A: Dimensions of Pascal
Pascal is the SI unit for pressure, which is force per unit area.  In SI units, this corresponds to $N/m^2$.  To get to SI base units, note that Newton's 2nd law can be used.  Thus, the following are the base SI units for a Pascal:
$Pa = \frac{N}{m^2} = \frac{ma}{L^2} = \frac{kg-m/s^2}{m^2} = \frac{kg}{m-s^2}$
Dimensions of psi
psi is also a pressure term, so it represents a force per unit area.  The units of psi are $\frac{ib_f}{in^2}$.  Note the subscript "f" on "lb".  This represents pounds force, which is distinctly different than pounds mass.  Again, use Newton's 2nd law to arrive at the units of pounds force:
$lb_f = lb_m * 32.2 \frac{ft}{s^2}$
Recommendations for unit conversions
There are several practices that greatly reduce the chance of errors when doing unit conversions.  Those practices are:

*

*Draw square brackets and draw a horizontal division bar between those brackets.  It is important to draw a HORIZONTAL division bar rather than a slash, because the horizontal bar makes it much easier to determine whether or not units cancel later on in the procedure

*Write the units that you want to convert inside the brackets just drawn

*Assuming that there are units in the numerator and denominator, choose one to convert

*Draw the next pair of square brackets, with a horizontal division bar

*Write UNITS first in the numerator and the denominator, ensuring that units cancel properly between the numerators and denominators of your brackets

*Now, write the numbers that match the units in the bracket you just drew.  For example, if your 2nd bracket has units of $\frac{m}{ft}$, you would write 1 in the numerator and 3.28 in the denominator.  You will know that the numbers are correct when you check the ratio in the brackets.  That ratio should equate to 1, and the ratio of 1 m divided by 3.28 ft does indeed equal 1 because 1 m equals 3.28 ft

*Continue with brackets until all units in the numerator and the denominator are converted to the units that you want

*Make sure that you lightly cross out all of the units that cancel, and inspect the result to ensure dimensional consistency.  For example, if you have ft in the numerator of one factor and one other occurrence of ft in the denominator of any factor, $\frac{ft}{ft}$ equates to 1, and it cancels out of the problem

Converting Pa to psi
Using the recommendations above, note that the units of Pa are:
$[\frac{kg}{m-s^2}]$, and that is the first factor to write.  Starting with the numerator, it is seen that the units are kg, which is a mass, and this needs to be converted to $lb_f$ in order to arrive at psi.  Thus, the complete set of factors required to convert 1 Pa to psi is as follows:
$[\frac{1 kg}{m-s^2}][\frac{2.2 lb_m}{1 kg}][\frac{1 lb_f-s^2}{32.2 ft-lb_m}][\frac{3.28 ft}{1 m}][\frac{1 m}{39.37 in}]^2 = 0.00014458 psi$
A: It would be easier if you treat pascals as "Newtons per square meter". PSI is "Pounds per square inch", right?
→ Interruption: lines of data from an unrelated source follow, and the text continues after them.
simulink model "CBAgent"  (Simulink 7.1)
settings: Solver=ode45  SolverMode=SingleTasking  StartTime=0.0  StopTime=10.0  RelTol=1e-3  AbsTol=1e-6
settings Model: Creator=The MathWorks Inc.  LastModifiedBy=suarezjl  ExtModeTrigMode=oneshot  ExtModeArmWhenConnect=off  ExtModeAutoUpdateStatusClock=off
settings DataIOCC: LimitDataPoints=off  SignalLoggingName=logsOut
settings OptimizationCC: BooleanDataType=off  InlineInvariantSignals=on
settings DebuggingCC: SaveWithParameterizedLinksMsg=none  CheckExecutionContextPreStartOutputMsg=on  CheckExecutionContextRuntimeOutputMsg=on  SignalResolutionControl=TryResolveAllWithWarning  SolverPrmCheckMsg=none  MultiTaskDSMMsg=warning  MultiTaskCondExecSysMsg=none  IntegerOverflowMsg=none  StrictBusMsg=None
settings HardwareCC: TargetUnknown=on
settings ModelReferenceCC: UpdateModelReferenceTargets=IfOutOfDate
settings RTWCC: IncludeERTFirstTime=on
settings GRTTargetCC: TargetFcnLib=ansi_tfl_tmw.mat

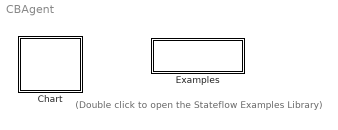
== system CBAgent ==
  note: (Double click to open the
      | Stateflow Examples Library)
  Chart : Stateflow chart
  Examples : Subsystem
      settings: OpenFcn=sf('Private','sf_examples')
      mask Display: disp('Examples')

== system CBAgent/Examples ==

== stateflow chart Chart ==
  state Initialize_Cart
    Aquateen\ControlBasisModule\HP3JCAgent\HP3JC.connect_Initialize()
    Aquateen\ControlBasisModule\HP3JCAgent\HP3JC.servo_ServoOn()
    Aquateen\ControlBasisModule\HP3JCAgent\HP3JC.read_CurrentPosition()
    Aquateen\ControlBasisModule\CartesianCB\CartesianCB.Initialize()
  state MomentForceCB
    Aquateen\ControlBasisModule\HP3JCAgent\HP3JC.read_CurrentPosition()
    Aquateen\ControlBasisModule\MomentForceCB\MomentForceCB.ComputeControlBasis()
    Aquateen\ControlBasisModule\HP3JCAgent\HP3JC.move_JointAngles()
  state \Stop
    Aquateen\ControlBasisModule\HP3JCAgent\HP3JC.connect_Disconnect()
    Aquateen\ControlBasisModule\ForceSensor\StateMachine.Stop()
    Aquateen\ControlBasisModule\ForceSensor\StateMachine.Stop()
  state CartesianCB
    Aquateen\ControlBasisModule\HP3JCAgent\HP3JC.read_CurrentPosition()
    Aquateen\ControlBasisModule\CartesianCB\CartesianCB.ComputeControlBasis()
    Aquateen\ControlBasisModule\HP3JCAgent\HP3JC.move_LinearMotion()
    Aquateen\ControlBasisModule\MomentForceCB\StateMachine.Wait(100)
  state Initialize_MF
    Aquateen\ControlBasisModule\MomentForceCB\MomentForceCB.Initialize()
    Aquateen\ControlBasisModule\ForceSensor\StateMachine.LoadSM()
    Aquateen\ControlBasisModule\ForceSensor\StateMachine.Start()
  (default) -> Initialize_Cart : Start
  Initialize_Cart -> CartesianCB : Always
  MomentForceCB -> MomentForceCB [order 1] : Default
  MomentForceCB -> \Stop [order 2] : Signal="End"
  CartesianCB -> Initialize_MF [order 3] : Signal="Next"
  Initialize_MF -> MomentForceCB : Always
  CartesianCB -> CartesianCB [order 2] : Default
  CartesianCB -> \Stop [order 1] : Signal=End"

Well, both inches and meters are units of length, and both newtons and pounds are units of force. So, try to convert the newtons to pounds and meters to inches using a simple conversion factor. Dont lay out all the units kg m * s^2. It's easier to do it the other way. Hope this helped! :) Im new here by the way, just signed up 5 min ago. :D
A: The Pascal is, as others have answered, defined as $1$ $N$ acting on a surface of $1$ $m^2$.
$$N = ma$$
$$a = g$$
$$g \approx 10 \frac{m}{s^2} (1)$$
(1) earth's gravitational constant
And there is your missing zero. 1 Pascal is $0.1\frac{kg}{ms^2}$ if you wish to translate to "kilograms of force on the surface of the earth".